One of the first things you see when you visit the headquarters of ESS in Wilsonville, Oregon, is an experimental battery module about the size of a toaster. The company’s founders built it in their lab a decade ago to meet a challenge they knew grid operators around the world would soon face—storing electricity at massive scale.

Unlike today’s lithium-ion batteries, ESS’s design largely relies on materials that are cheap, abundant, and nontoxic: iron, salt, and water. Another difference: while makers of lithium-ion batteries aim to make them small enough to fit inside ever shrinking phones and laptops, each version of the iron battery is bigger than the last.

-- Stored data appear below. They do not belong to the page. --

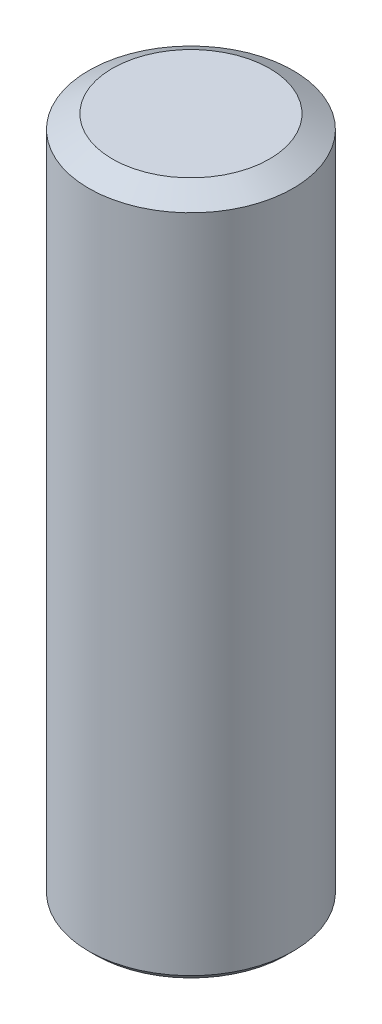
ISO-10303-21;
HEADER;
FILE_DESCRIPTION(('STEP AP214'),'2;1');
FILE_NAME('part.step','',(''),(''),'','','');
FILE_SCHEMA(('AUTOMOTIVE_DESIGN { 1 0 10303 214 1 1 1 1 }'));
ENDSEC;
DATA;
#1=APPLICATION_CONTEXT('core data for automotive mechanical design processes');
#2=APPLICATION_PROTOCOL_DEFINITION('international standard','automotive_design',2000,#1);
#3=PRODUCT_CONTEXT('',#1,'mechanical');
#4=PRODUCT('Part','Part','',(#3));
#5=PRODUCT_RELATED_PRODUCT_CATEGORY('part','',(#4));
#6=PRODUCT_DEFINITION_FORMATION('','',#4);
#7=PRODUCT_DEFINITION_CONTEXT('part definition',#1,'design');
#8=PRODUCT_DEFINITION('design','',#6,#7);
#9=PRODUCT_DEFINITION_SHAPE('','',#8);
#10=(LENGTH_UNIT() NAMED_UNIT(*) SI_UNIT(.MILLI.,.METRE.));
#11=(NAMED_UNIT(*) PLANE_ANGLE_UNIT() SI_UNIT($,.RADIAN.));
#12=(NAMED_UNIT(*) SI_UNIT($,.STERADIAN.) SOLID_ANGLE_UNIT());
#13=UNCERTAINTY_MEASURE_WITH_UNIT(LENGTH_MEASURE(1.E-05),#10,'distance_accuracy_value','');
#14=(GEOMETRIC_REPRESENTATION_CONTEXT(3) GLOBAL_UNCERTAINTY_ASSIGNED_CONTEXT((#13)) GLOBAL_UNIT_ASSIGNED_CONTEXT((#10,
#11,#12)) REPRESENTATION_CONTEXT('',''));
#15=CARTESIAN_POINT('',(0.,0.,0.));
#16=DIRECTION('',(0.,0.,1.));
#17=DIRECTION('',(1.,0.,0.));
#18=AXIS2_PLACEMENT_3D('',#15,#16,#17);
#19=CARTESIAN_POINT('',(0.,10.,0.));
#20=DIRECTION('',(0.,-1.,0.));
#21=DIRECTION('',(0.,0.,-1.));
#22=AXIS2_PLACEMENT_3D('',#19,#20,#21);
#23=CYLINDRICAL_SURFACE('',#22,1.5);
#24=CARTESIAN_POINT('',(0.,9.8,0.));
#25=DIRECTION('',(0.,1.,0.));
#26=DIRECTION('',(0.,0.,1.));
#27=AXIS2_PLACEMENT_3D('',#24,#25,#26);
#28=CIRCLE('',#27,1.5);
#29=CARTESIAN_POINT('',(0.,9.8,1.5));
#30=VERTEX_POINT('',#29);
#31=EDGE_CURVE('E11',#30,#30,#28,.F.);
#32=ORIENTED_EDGE('',*,*,#31,.T.);
#33=EDGE_LOOP('',(#32));
#34=FACE_BOUND('',#33,.T.);
#35=CARTESIAN_POINT('',(0.,0.100000000000001,0.));
#36=DIRECTION('',(0.,1.,0.));
#37=DIRECTION('',(0.,0.,1.));
#38=AXIS2_PLACEMENT_3D('',#35,#36,#37);
#39=CIRCLE('',#38,1.5);
#40=CARTESIAN_POINT('',(0.,0.100000000000001,1.5));
#41=VERTEX_POINT('',#40);
#42=EDGE_CURVE('E136',#41,#41,#39,.T.);
#43=ORIENTED_EDGE('',*,*,#42,.T.);
#44=EDGE_LOOP('',(#43));
#45=FACE_BOUND('',#44,.T.);
#46=ADVANCED_FACE('F34',(#34,#45),#23,.T.);
#47=CARTESIAN_POINT('',(0.,10.,0.));
#48=DIRECTION('',(0.,1.,0.));
#49=DIRECTION('',(0.,0.,1.));
#50=AXIS2_PLACEMENT_3D('',#47,#48,#49);
#51=PLANE('',#50);
#52=CARTESIAN_POINT('',(0.,10.,0.));
#53=DIRECTION('',(0.,1.,0.));
#54=DIRECTION('',(0.,0.,1.));
#55=AXIS2_PLACEMENT_3D('',#52,#53,#54);
#56=CIRCLE('',#55,1.15358983848622);
#57=CARTESIAN_POINT('',(0.,10.,1.15358983848622));
#58=VERTEX_POINT('',#57);
#59=EDGE_CURVE('E42',#58,#58,#56,.T.);
#60=ORIENTED_EDGE('',*,*,#59,.T.);
#61=EDGE_LOOP('',(#60));
#62=FACE_BOUND('',#61,.T.);
#63=ADVANCED_FACE('F149',(#62),#51,.T.);
#64=CARTESIAN_POINT('',(0.,0.,0.));
#65=DIRECTION('',(0.,1.,0.));
#66=DIRECTION('',(0.,0.,1.));
#67=AXIS2_PLACEMENT_3D('',#64,#65,#66);
#68=PLANE('',#67);
#69=CARTESIAN_POINT('',(0.,0.,0.));
#70=DIRECTION('',(0.,1.,0.));
#71=DIRECTION('',(0.,0.,1.));
#72=AXIS2_PLACEMENT_3D('',#69,#70,#71);
#73=CIRCLE('',#72,1.4);
#74=CARTESIAN_POINT('',(0.,0.,1.4));
#75=VERTEX_POINT('',#74);
#76=EDGE_CURVE('E144',#75,#75,#73,.F.);
#77=ORIENTED_EDGE('',*,*,#76,.T.);
#78=EDGE_LOOP('',(#77));
#79=FACE_BOUND('',#78,.T.);
#80=DIRECTION('',(-1.,0.,0.));
#81=VECTOR('',#80,1.);
#82=CARTESIAN_POINT('',(0.433012701892219,0.,0.75));
#83=LINE('',#82,#81);
#84=CARTESIAN_POINT('',(0.433012701892219,0.,0.75));
#85=VERTEX_POINT('',#84);
#86=CARTESIAN_POINT('',(-0.433012701892219,0.,0.75));
#87=VERTEX_POINT('',#86);
#88=EDGE_CURVE('E123',#85,#87,#83,.T.);
#89=ORIENTED_EDGE('',*,*,#88,.F.);
#90=DIRECTION('',(-0.5,0.,0.866025403784438));
#91=VECTOR('',#90,1.);
#92=CARTESIAN_POINT('',(0.866025403784439,0.,0.));
#93=LINE('',#92,#91);
#94=CARTESIAN_POINT('',(0.866025403784439,0.,0.));
#95=VERTEX_POINT('',#94);
#96=EDGE_CURVE('E49',#95,#85,#93,.T.);
#97=ORIENTED_EDGE('',*,*,#96,.F.);
#98=DIRECTION('',(0.5,0.,0.866025403784439));
#99=VECTOR('',#98,1.);
#100=CARTESIAN_POINT('',(0.43301270189222,0.,-0.75));
#101=LINE('',#100,#99);
#102=CARTESIAN_POINT('',(0.43301270189222,0.,-0.75));
#103=VERTEX_POINT('',#102);
#104=EDGE_CURVE('E132',#103,#95,#101,.T.);
#105=ORIENTED_EDGE('',*,*,#104,.F.);
#106=DIRECTION('',(1.,0.,0.));
#107=VECTOR('',#106,1.);
#108=CARTESIAN_POINT('',(-0.433012701892219,0.,-0.75));
#109=LINE('',#108,#107);
#110=CARTESIAN_POINT('',(-0.433012701892219,0.,-0.75));
#111=VERTEX_POINT('',#110);
#112=EDGE_CURVE('E130',#111,#103,#109,.T.);
#113=ORIENTED_EDGE('',*,*,#112,.F.);
#114=DIRECTION('',(0.5,0.,-0.866025403784438));
#115=VECTOR('',#114,1.);
#116=CARTESIAN_POINT('',(-0.866025403784438,0.,0.));
#117=LINE('',#116,#115);
#118=CARTESIAN_POINT('',(-0.866025403784438,0.,0.));
#119=VERTEX_POINT('',#118);
#120=EDGE_CURVE('E97',#119,#111,#117,.T.);
#121=ORIENTED_EDGE('',*,*,#120,.F.);
#122=DIRECTION('',(-0.5,0.,-0.866025403784439));
#123=VECTOR('',#122,1.);
#124=CARTESIAN_POINT('',(-0.433012701892219,0.,0.75));
#125=LINE('',#124,#123);
#126=EDGE_CURVE('E126',#87,#119,#125,.T.);
#127=ORIENTED_EDGE('',*,*,#126,.F.);
#128=EDGE_LOOP('',(#89,#97,#105,#113,#121,#127));
#129=FACE_BOUND('',#128,.T.);
#130=ADVANCED_FACE('F165',(#79,#129),#68,.F.);
#131=CARTESIAN_POINT('',(0.866025403784439,2.,0.));
#132=DIRECTION('',(0.866025403784438,0.,0.5));
#133=DIRECTION('',(0.5,0.,-0.866025403784438));
#134=AXIS2_PLACEMENT_3D('',#131,#132,#133);
#135=PLANE('',#134);
#136=ORIENTED_EDGE('',*,*,#96,.T.);
#137=DIRECTION('',(0.,-1.,0.));
#138=VECTOR('',#137,1.);
#139=CARTESIAN_POINT('',(0.433012701892219,2.,0.75));
#140=LINE('',#139,#138);
#141=CARTESIAN_POINT('',(0.433012701892219,2.,0.75));
#142=VERTEX_POINT('',#141);
#143=EDGE_CURVE('E79',#142,#85,#140,.T.);
#144=ORIENTED_EDGE('',*,*,#143,.F.);
#145=DIRECTION('',(-0.5,0.,0.866025403784438));
#146=VECTOR('',#145,1.);
#147=CARTESIAN_POINT('',(0.866025403784439,2.,0.));
#148=LINE('',#147,#146);
#149=CARTESIAN_POINT('',(0.866025403784439,2.,0.));
#150=VERTEX_POINT('',#149);
#151=EDGE_CURVE('E134',#150,#142,#148,.T.);
#152=ORIENTED_EDGE('',*,*,#151,.F.);
#153=DIRECTION('',(0.,-1.,0.));
#154=VECTOR('',#153,1.);
#155=CARTESIAN_POINT('',(0.866025403784439,2.,0.));
#156=LINE('',#155,#154);
#157=EDGE_CURVE('E57',#150,#95,#156,.T.);
#158=ORIENTED_EDGE('',*,*,#157,.T.);
#159=EDGE_LOOP('',(#136,#144,#152,#158));
#160=FACE_BOUND('',#159,.T.);
#161=ADVANCED_FACE('F170',(#160),#135,.F.);
#162=CARTESIAN_POINT('',(0.43301270189222,2.,-0.75));
#163=DIRECTION('',(0.866025403784439,0.,-0.5));
#164=DIRECTION('',(-0.5,0.,-0.866025403784439));
#165=AXIS2_PLACEMENT_3D('',#162,#163,#164);
#166=PLANE('',#165);
#167=ORIENTED_EDGE('',*,*,#104,.T.);
#168=ORIENTED_EDGE('',*,*,#157,.F.);
#169=DIRECTION('',(0.5,0.,0.866025403784439));
#170=VECTOR('',#169,1.);
#171=CARTESIAN_POINT('',(0.43301270189222,2.,-0.75));
#172=LINE('',#171,#170);
#173=CARTESIAN_POINT('',(0.43301270189222,2.,-0.75));
#174=VERTEX_POINT('',#173);
#175=EDGE_CURVE('E109',#174,#150,#172,.T.);
#176=ORIENTED_EDGE('',*,*,#175,.F.);
#177=DIRECTION('',(0.,-1.,0.));
#178=VECTOR('',#177,1.);
#179=CARTESIAN_POINT('',(0.43301270189222,2.,-0.75));
#180=LINE('',#179,#178);
#181=EDGE_CURVE('E101',#174,#103,#180,.T.);
#182=ORIENTED_EDGE('',*,*,#181,.T.);
#183=EDGE_LOOP('',(#167,#168,#176,#182));
#184=FACE_BOUND('',#183,.T.);
#185=ADVANCED_FACE('F175',(#184),#166,.F.);
#186=CARTESIAN_POINT('',(-0.433012701892219,2.,-0.75));
#187=DIRECTION('',(0.,0.,-1.));
#188=DIRECTION('',(-1.,0.,0.));
#189=AXIS2_PLACEMENT_3D('',#186,#187,#188);
#190=PLANE('',#189);
#191=ORIENTED_EDGE('',*,*,#112,.T.);
#192=ORIENTED_EDGE('',*,*,#181,.F.);
#193=DIRECTION('',(1.,0.,0.));
#194=VECTOR('',#193,1.);
#195=CARTESIAN_POINT('',(-0.433012701892219,2.,-0.75));
#196=LINE('',#195,#194);
#197=CARTESIAN_POINT('',(-0.433012701892219,2.,-0.75));
#198=VERTEX_POINT('',#197);
#199=EDGE_CURVE('E105',#198,#174,#196,.T.);
#200=ORIENTED_EDGE('',*,*,#199,.F.);
#201=DIRECTION('',(0.,-1.,0.));
#202=VECTOR('',#201,1.);
#203=CARTESIAN_POINT('',(-0.433012701892219,2.,-0.75));
#204=LINE('',#203,#202);
#205=EDGE_CURVE('E90',#198,#111,#204,.T.);
#206=ORIENTED_EDGE('',*,*,#205,.T.);
#207=EDGE_LOOP('',(#191,#192,#200,#206));
#208=FACE_BOUND('',#207,.T.);
#209=ADVANCED_FACE('F106',(#208),#190,.F.);
#210=CARTESIAN_POINT('',(-0.866025403784438,2.,0.));
#211=DIRECTION('',(-0.866025403784439,0.,-0.5));
#212=DIRECTION('',(-0.5,0.,0.866025403784438));
#213=AXIS2_PLACEMENT_3D('',#210,#211,#212);
#214=PLANE('',#213);
#215=ORIENTED_EDGE('',*,*,#120,.T.);
#216=ORIENTED_EDGE('',*,*,#205,.F.);
#217=DIRECTION('',(0.5,0.,-0.866025403784438));
#218=VECTOR('',#217,1.);
#219=CARTESIAN_POINT('',(-0.866025403784438,2.,0.));
#220=LINE('',#219,#218);
#221=CARTESIAN_POINT('',(-0.866025403784438,2.,0.));
#222=VERTEX_POINT('',#221);
#223=EDGE_CURVE('E94',#222,#198,#220,.T.);
#224=ORIENTED_EDGE('',*,*,#223,.F.);
#225=DIRECTION('',(0.,-1.,0.));
#226=VECTOR('',#225,1.);
#227=CARTESIAN_POINT('',(-0.866025403784438,2.,0.));
#228=LINE('',#227,#226);
#229=EDGE_CURVE('E102',#222,#119,#228,.T.);
#230=ORIENTED_EDGE('',*,*,#229,.T.);
#231=EDGE_LOOP('',(#215,#216,#224,#230));
#232=FACE_BOUND('',#231,.T.);
#233=ADVANCED_FACE('F92',(#232),#214,.F.);
#234=CARTESIAN_POINT('',(-0.433012701892219,2.,0.75));
#235=DIRECTION('',(-0.866025403784439,0.,0.5));
#236=DIRECTION('',(0.5,0.,0.866025403784439));
#237=AXIS2_PLACEMENT_3D('',#234,#235,#236);
#238=PLANE('',#237);
#239=ORIENTED_EDGE('',*,*,#126,.T.);
#240=ORIENTED_EDGE('',*,*,#229,.F.);
#241=DIRECTION('',(-0.5,0.,-0.866025403784439));
#242=VECTOR('',#241,1.);
#243=CARTESIAN_POINT('',(-0.433012701892219,2.,0.75));
#244=LINE('',#243,#242);
#245=CARTESIAN_POINT('',(-0.433012701892219,2.,0.75));
#246=VERTEX_POINT('',#245);
#247=EDGE_CURVE('E115',#246,#222,#244,.T.);
#248=ORIENTED_EDGE('',*,*,#247,.F.);
#249=DIRECTION('',(0.,-1.,0.));
#250=VECTOR('',#249,1.);
#251=CARTESIAN_POINT('',(-0.433012701892219,2.,0.75));
#252=LINE('',#251,#250);
#253=EDGE_CURVE('E139',#246,#87,#252,.T.);
#254=ORIENTED_EDGE('',*,*,#253,.T.);
#255=EDGE_LOOP('',(#239,#240,#248,#254));
#256=FACE_BOUND('',#255,.T.);
#257=ADVANCED_FACE('F179',(#256),#238,.F.);
#258=CARTESIAN_POINT('',(0.433012701892219,2.,0.75));
#259=DIRECTION('',(0.,0.,1.));
#260=DIRECTION('',(1.,0.,0.));
#261=AXIS2_PLACEMENT_3D('',#258,#259,#260);
#262=PLANE('',#261);
#263=ORIENTED_EDGE('',*,*,#88,.T.);
#264=ORIENTED_EDGE('',*,*,#253,.F.);
#265=DIRECTION('',(-1.,0.,0.));
#266=VECTOR('',#265,1.);
#267=CARTESIAN_POINT('',(0.433012701892219,2.,0.75));
#268=LINE('',#267,#266);
#269=EDGE_CURVE('E117',#142,#246,#268,.T.);
#270=ORIENTED_EDGE('',*,*,#269,.F.);
#271=ORIENTED_EDGE('',*,*,#143,.T.);
#272=EDGE_LOOP('',(#263,#264,#270,#271));
#273=FACE_BOUND('',#272,.T.);
#274=ADVANCED_FACE('F176',(#273),#262,.F.);
#275=CARTESIAN_POINT('',(0.,2.,0.));
#276=DIRECTION('',(0.,-1.,0.));
#277=DIRECTION('',(0.,0.,-1.));
#278=AXIS2_PLACEMENT_3D('',#275,#276,#277);
#279=PLANE('',#278);
#280=ORIENTED_EDGE('',*,*,#151,.T.);
#281=ORIENTED_EDGE('',*,*,#269,.T.);
#282=ORIENTED_EDGE('',*,*,#247,.T.);
#283=ORIENTED_EDGE('',*,*,#223,.T.);
#284=ORIENTED_EDGE('',*,*,#199,.T.);
#285=ORIENTED_EDGE('',*,*,#175,.T.);
#286=EDGE_LOOP('',(#280,#281,#282,#283,#284,#285));
#287=FACE_BOUND('',#286,.T.);
#288=ADVANCED_FACE('F112',(#287),#279,.T.);
#289=CARTESIAN_POINT('',(0.,0.100000000000001,0.));
#290=DIRECTION('',(0.,1.,0.));
#291=DIRECTION('',(0.,0.,1.));
#292=AXIS2_PLACEMENT_3D('',#289,#290,#291);
#293=CONICAL_SURFACE('',#292,1.5,0.785398163397453);
#294=ORIENTED_EDGE('',*,*,#76,.F.);
#295=EDGE_LOOP('',(#294));
#296=FACE_BOUND('',#295,.T.);
#297=ORIENTED_EDGE('',*,*,#42,.F.);
#298=EDGE_LOOP('',(#297));
#299=FACE_BOUND('',#298,.T.);
#300=ADVANCED_FACE('F152',(#296,#299),#293,.T.);
#301=CARTESIAN_POINT('',(0.,10.,0.));
#302=DIRECTION('',(0.,-1.,0.));
#303=DIRECTION('',(0.,0.,-1.));
#304=AXIS2_PLACEMENT_3D('',#301,#302,#303);
#305=CONICAL_SURFACE('',#304,1.15358983848622,1.0471975511966);
#306=ORIENTED_EDGE('',*,*,#31,.F.);
#307=EDGE_LOOP('',(#306));
#308=FACE_BOUND('',#307,.T.);
#309=ORIENTED_EDGE('',*,*,#59,.F.);
#310=EDGE_LOOP('',(#309));
#311=FACE_BOUND('',#310,.T.);
#312=ADVANCED_FACE('F36',(#308,#311),#305,.T.);
#313=CLOSED_SHELL('',(#46,#63,#130,#161,#185,#209,#233,#257,#274,#288,#300,#312));
#314=MANIFOLD_SOLID_BREP('B2',#313);
#315=ADVANCED_BREP_SHAPE_REPRESENTATION('',(#18,#314),#14);
#316=SHAPE_DEFINITION_REPRESENTATION(#9,#315);
ENDSEC;
END-ISO-10303-21;

In fact, what ESS is building today hardly resembles a battery at all. At a loading dock on the back side of the ESS facility, employees are assembling devices that fill entire shipping containers. Each one has enough energy storage capacity to power about 34 US houses for 12 hours.

The company, which last year became the first long-duration energy storage company to go public and has ambitions to open factories around the world, will soon begin work on a battery that will dwarf even these truck-size versions. In partnership with the utility company Portland General Electric, ESS plans to construct one that will fill a half-acre building on land adjacent to its factory. It’s expected to have almost 150 times the capacity of the biggest batteries the company ships today.

ESS’s key innovation, though, is not the battery’s size—it’s the chemistry and engineering that allow utilities to bank a lot more energy than is economically feasible with grid-connected lithium-ion batteries, which are currently limited to about four hours of storage.